Engagement is at the core of the Oxfordshire Skills for Health programme and provides its three guiding principles.

Workplace learning is a collective activity – everyone needs to be involved

To make a real impact on service delivery it is never enough to work with individuals. The whole team has to be involved and the team always includes managers and supervisors as well as operatives. ‘Involvement’ may consist of no more than an update briefing on the learning others are doing, but it is vital.

This principle of collective involvement is also true by default – every time one member of a team is released for learning, the others are obliged to cover. When the individual returns with new ideas and new ways of doing things, the others are obliged to adjust.

Learning comes out of doing – start with what people are doing in their jobs

The whole point of workplace learning is to develop people’s ability to engage critically with their work. The more learning is situated in participants’ daily experience, the more likely it is to support critical engagement.

There are additional benefits – by focusing on workplace experiences and issues, Oxfordshire Skills for Health has been able to flag up issues relevant to organisational development in areas such as health and safety and operational systems. This reinforces managers’ perceptions of the programme’s value and sustains their support for and receptiveness to the programme and its lifelong learning agenda.

Most learning is informal – go beyond the classroom

The role of informal learning in creating workplace practice has already been mentioned.

Classroom input is a relatively small part of anyone’s learning cycle, particularly at work and particularly at the lower end of the pay scale where staff release is always limited. Linking input as directly as possible to participants’ workplace experiences and then following up outside the classroom helps translate input into practice.

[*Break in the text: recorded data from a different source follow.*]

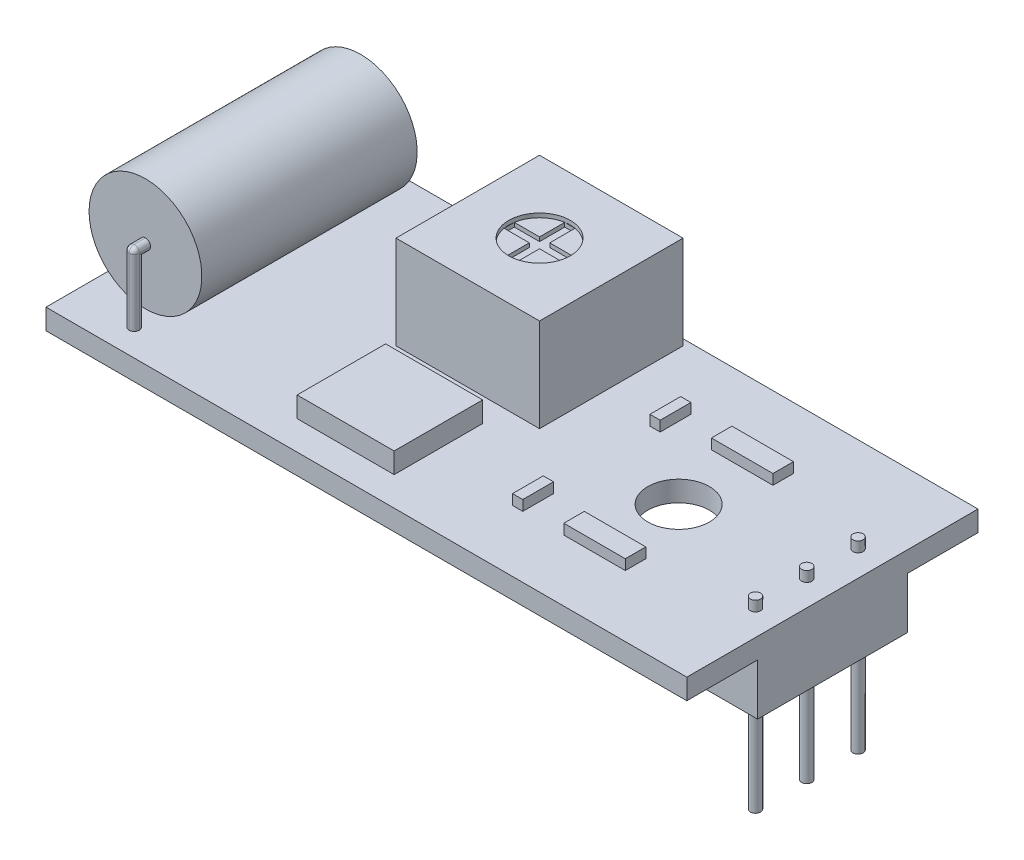
SolidWorks part; units mm, degrees
ref_plane "Plan de face" through (0, 0, 0) normal (0, 0, 1) x (1, 0, 0)
ref_plane "Plan de dessus" through (0, 0, 0) normal (0, 1, 0) x (1, 0, 0)
ref_plane "Plan de droite" through (0, 0, 0) normal (1, 0, 0) x (0, 0, -1)
sketch "Esquisse1" plane through (0, 0, 0) normal (0, 1, 0) x (1, 0, 0)
  line L1 (0, 0) -> (-31.25, 0)
  line L2 (0, 0) -> (0, 14.2)
  line L3 (0, 14.2) -> (-31.25, 14.2)
  line L4 (-31.25, 0) -> (-31.25, 14.2)
  dimension "D1" = 31.25
  dimension "D2" = 14.2
extrude "Boss.-Extru.1" add sketch "Esquisse1" along normal blind 1
sketch "Esquisse2" plane through (0, 1, 0) normal (0, 1, 0) x (1, 0, 0)
  line L0 (-31.25, 14.2) -> (-28.25, 14.2) construction
  line L1 (0, 14.2) -> (-31.25, 14.2) construction
  line L2 (-28.25, 14.2) -> (-28.25, 0) construction
  line L3 (-31.25, 0) -> (0, 0) construction
  line L4 (-28.25, 0) -> (-31.25, 0) construction
  line L5 (-28.25, 14.2) -> (-28.25, 12.9) construction
  line L6 (-28.25, 0) -> (-28.25, 1.3) construction
  line L8 (-28, 12.65) -> (-28.5, 12.65)
  line L9 (-28, 12.65) -> (-28, 13.15)
  line L10 (-28, 13.15) -> (-28.5, 13.15)
  line L11 (-28.5, 12.65) -> (-28.5, 13.15)
  line L12 (-28, 12.65) -> (-28.5, 13.15) construction
  line L13 (-28, 13.15) -> (-28.5, 12.65) construction
  line L14 (-28, 1.05) -> (-28.5, 1.05)
  line L15 (-28, 1.05) -> (-28, 1.55)
  line L16 (-28, 1.55) -> (-28.5, 1.55)
  line L17 (-28.5, 1.05) -> (-28.5, 1.55)
  line L18 (-28, 1.05) -> (-28.5, 1.55) construction
  line L19 (-28, 1.55) -> (-28.5, 1.05) construction
  dimension "D1" = 3
  dimension "D2" = 1.3
  dimension "D3" = 1.3
  dimension "D4" = 0.5
  dimension "D5" = 0.5
  dimension "D6" = 0.5
  dimension "D7" = 0.5
extrude "Boss.-Extru.2" add sketch "Esquisse2" along normal blind 3.5
sketch "Esquisse3" plane through (0, 0, -12.65) normal (0, 0, 1) x (1, 0, 0)
  line L0 (-28.5, 4.5) -> (-28.5, 1) construction
  line L1 (-28, 4.5) -> (-28.5, 4.5)
  line L2 (-28, 4.5) -> (-28, 4)
  line L3 (-28, 4) -> (-28.5, 4)
  line L4 (-28.5, 4.5) -> (-28.5, 4)
  dimension "D1" = 0.5
extrude "Boss.-Extru.3" add sketch "Esquisse3" along normal blind 0.3
sketch "Esquisse4" plane through (0, 0, -1.55) normal (0, 0, -1) x (-1, 0, 0)
  line L0 (28, 4.5) -> (28, 1) construction
  line L1 (28.5, 4.5) -> (28, 4.5)
  line L2 (28.5, 4.5) -> (28.5, 4)
  line L3 (28.5, 4) -> (28, 4)
  line L4 (28, 4.5) -> (28, 4)
  dimension "D1" = 0.5
extrude "Boss.-Extru.4" add sketch "Esquisse4" along normal blind 0.3
sketch "Esquisse5" plane through (0, 0, -12.35) normal (0, 0, 1) x (1, 0, 0)
  line L0 (-28.5, 4.5) -> (-28, 4) construction
  circle A0 centre (-28.25, 4.25) radius 2.75
  dimension "D1" = 5.5
extrude "Boss.-Extru.5" add sketch "Esquisse5" along normal blind 10.5
sketch "Esquisse6" plane through (0, 1, 0) normal (0, 1, 0) x (1, 0, 0)
  line L0 (0, 14.2) -> (-31.25, 14.2) construction
  line L1 (-21.0823, 6.9) -> (-14.0823, 6.9)
  line L2 (-21.0823, 6.9) -> (-21.0823, 13.9)
  line L3 (-21.0823, 13.9) -> (-14.0823, 13.9)
  line L4 (-14.0823, 6.9) -> (-14.0823, 13.9)
  dimension "D1" = 7
  dimension "D2" = 7
  dimension "D3" = 0.3
extrude "Boss.-Extru.6" add sketch "Esquisse6" along normal blind 4.55
sketch "Esquisse7" plane through (0, 5.55, 0) normal (0, 1, 0) x (1, 0, 0)
  line L0 (-21.0823, 6.9) -> (-14.0823, 13.9) construction
  line L1 (-14.0823, 13.9) -> (-21.0823, 13.9) construction
  line L2 (-14.0823, 13.9) -> (-21.0823, 13.9) construction
  circle A0 centre (-17.5823, 10.4) radius 1.5
  dimension "D1" = 3
extrude "Enlèv. mat.-Extru.1" cut sketch "Esquisse7" against normal blind 0.2
sketch "Esquisse8" plane through (0, 5.35, 0) normal (0, 1, 0) x (1, 0, 0)
  line L0 (-21.0823, 6.9) -> (-14.0823, 13.9) construction
  line L2 (-16.1032, 10.65) -> (-19.0613, 10.65)
  line L3 (-16.1032, 10.65) -> (-16.1032, 10.15)
  line L4 (-16.1032, 10.15) -> (-19.0613, 10.15)
  line L5 (-19.0613, 10.65) -> (-19.0613, 10.15)
  line L6 (-16.1032, 10.65) -> (-19.0613, 10.15) construction
  line L7 (-16.1032, 10.15) -> (-19.0613, 10.65) construction
  line L8 (-17.3323, 11.879) -> (-17.8323, 11.879)
  line L9 (-17.3323, 11.879) -> (-17.3323, 8.921)
  line L10 (-17.3323, 8.921) -> (-17.8323, 8.921)
  line L11 (-17.8323, 11.879) -> (-17.8323, 8.921)
  line L12 (-17.3323, 11.879) -> (-17.8323, 8.921) construction
  line L13 (-17.3323, 8.921) -> (-17.8323, 11.879) construction
  circle A0 centre (-17.5823, 10.4) radius 1.5 construction
  circle A1 centre (-17.5823, 10.4) radius 1.5 construction
  point P4 (-17.5823, 10.4)
  point P11 (-17.5823, 10.4)
  dimension "D1" = 0.5
  dimension "D2" = 0.5
extrude "Enlèv. mat.-Extru.2" cut sketch "Esquisse8" against normal blind 0.2 contours L11 L2 L5 L4 | L4 L11 L10 L9 | L2 L9 L4 L3 | L8 L11 L2 L9 | L2 L11 L4 L9 region at (-16.7177, 5.35, -10.4) region at (-17.5823, 5.35, -10.4) region at (-17.5823, 5.35, -11.2645) region at (-18.4468, 5.35, -10.4) region at (-17.5823, 5.35, -9.5355)
sketch "Esquisse9" plane through (0, 1, 0) normal (0, 1, 0) x (1, 0, 0)
  line L0 (-31.25, 0) -> (0, 0) construction
  line L1 (-20.4183, 1.4145) -> (-15.6873, 1.4145)
  line L2 (-20.4183, 1.4145) -> (-20.4183, 5.7305)
  line L3 (-20.4183, 5.7305) -> (-15.6873, 5.7305)
  line L4 (-15.6873, 1.4145) -> (-15.6873, 5.7305)
  line L5 (-9, 3) -> (-6, 3)
  line L6 (-9, 3) -> (-9, 4)
  line L7 (-9, 4) -> (-6, 4)
  line L8 (-6, 3) -> (-6, 4)
  line L9 (-9, 10.2) -> (-6, 10.2)
  line L10 (-9, 10.2) -> (-9, 11.2)
  line L11 (-9, 11.2) -> (-6, 11.2)
  line L12 (-6, 10.2) -> (-6, 11.2)
  line L13 (-11.5, 3) -> (-11, 3)
  line L14 (-11.5, 3) -> (-11.5, 4.5)
  line L15 (-11.5, 4.5) -> (-11, 4.5)
  line L16 (-11, 3) -> (-11, 4.5)
  line L17 (-11.5, 9.7) -> (-11, 9.7)
  line L18 (-11.5, 9.7) -> (-11.5, 11.2)
  line L19 (-11.5, 11.2) -> (-11, 11.2)
  line L20 (-11, 9.7) -> (-11, 11.2)
  line L21 (0, 14.2) -> (-31.25, 14.2) construction
  line L22 (0, 0) -> (0, 14.2) construction
  line L23 (-7.5, 4) -> (-7.5, 10.2) construction
  point P26 (-11, 3.75)
  point P27 (-11.25, 11.2)
  dimension "D1" = 1
  dimension "D2" = 1
  dimension "D3" = 3
  dimension "D4" = 3
  dimension "D5" = 1.5
  dimension "D6" = 1.5
  dimension "D7" = 0.5
  dimension "D8" = 0.5
  dimension "D9" = 3
  dimension "D10" = 3
  dimension "D11" = 6
  dimension "D12" = 6
  dimension "D13" = 2
  dimension "D14" = 2
  dimension "D15" = 0
  dimension "D16" = 0
extrude "Boss.-Extru.7" add sketch "Esquisse9" along normal blind 0.5
sketch "Esquisse10" plane through (0, 1.5, 0) normal (0, 1, 0) x (1, 0, 0)
  line L1 (-20.4183, 1.4145) -> (-15.6873, 1.4145)
  line L2 (-20.4183, 1.4145) -> (-20.4183, 5.7305)
  line L3 (-20.4183, 5.7305) -> (-15.6873, 5.7305)
  line L4 (-15.6873, 1.4145) -> (-15.6873, 5.7305)
extrude "Boss.-Extru.8" add sketch "Esquisse10" along normal blind 0.5
sketch "Esquisse11" plane through (0, 1, 0) normal (0, 1, 0) x (1, 0, 0)
  line L0 (-7.5, 4) -> (-7.5, 10.2) construction
  line L1 (-6, 4) -> (-9, 4) construction
  line L2 (-9, 10.2) -> (-6, 10.2) construction
  circle A0 centre (-7.5, 7.1) radius 1.5
  dimension "D1" = 3
extrude "Enlèv. mat.-Extru.3" cut sketch "Esquisse11" against normal blind 22.5
sketch "Esquisse12" plane through (0, 0, 0) normal (0, -1, 0) x (-1, 0, 0)
  line L0 (0, 0) -> (0, 14.2) construction
  line L1 (0, 10.75) -> (2.5, 10.75)
  line L2 (0, 10.75) -> (0, 3.45)
  line L3 (0, 3.45) -> (2.5, 3.45)
  line L4 (2.5, 10.75) -> (2.5, 3.45)
  line L5 (0, 14.2) -> (31.25, 14.2) construction
  dimension "D1" = 7.3
  dimension "D2" = 3.45
  dimension "D3" = 2.5
extrude "Boss.-Extru.9" add sketch "Esquisse12" along normal blind 2.5
sketch "Esquisse13" plane through (0, -2.5, 0) normal (0, -1, 0) x (-1, 0, 0)
  line L0 (1.25, 10.75) -> (1.25, 9.6) construction
  line L1 (2.5, 10.75) -> (0, 10.75) construction
  line L2 (1.25, 9.6) -> (1.25, 4.1615) construction
  line L3 (1.25, 4.1615) -> (1.25, 3.45) construction
  line L4 (0, 3.45) -> (2.5, 3.45) construction
  circle A0 centre (1.25, 9.6) radius 0.25
  circle A1 centre (1.25, 7.1) radius 0.25
  circle A2 centre (1.25, 4.6) radius 0.25
  dimension "D2" = 0.5
  dimension "D1" = 1.15
  dimension "D3" = 3
extrude "Boss.-Extru.10" add sketch "Esquisse13" along normal blind 5 and the other way blind 4
fillet "Congé1" radius 0.25 4 edges at (-28.5, 2.5, -1.55) (-28, 2.75, -1.05) (-28, 2.5, -1.55) (-28.5, 2.75, -1.05)
fillet "Congé2" radius 0.25 6 edges at (-28.5, 4, -1.575) (-28, 4, -1.575) (-28.4268, 4.5, -1.1232) (-28.0732, 4.5, -1.1232) (-28.5, 4.5, -1.575) (-28, 4.5, -1.575)
fillet "Congé3" radius 0.25 8 edges at (-28, 4, -12.5) (-28, 2.5, -12.65) (-28, 2.75, -13.15) (-28, 4.5, -12.75) (-28.5, 2.5, -12.65) (-28.5, 4, -12.5) (-28.5, 4.5, -12.75) (-28.5, 2.75, -13.15)

For this reason informal contact with participants and non-participants alike is valued, as is a range of other activities that reinforce work with individuals. These activities include consultancy around operational systems and procedures, mediation, mentoring and management development.

An example of the last is its use of tools developed by the management theorist Meredith Belbin to sensitise task-oriented managers to the impact on performance of a range of ‘soft’ skills not previously taken into account.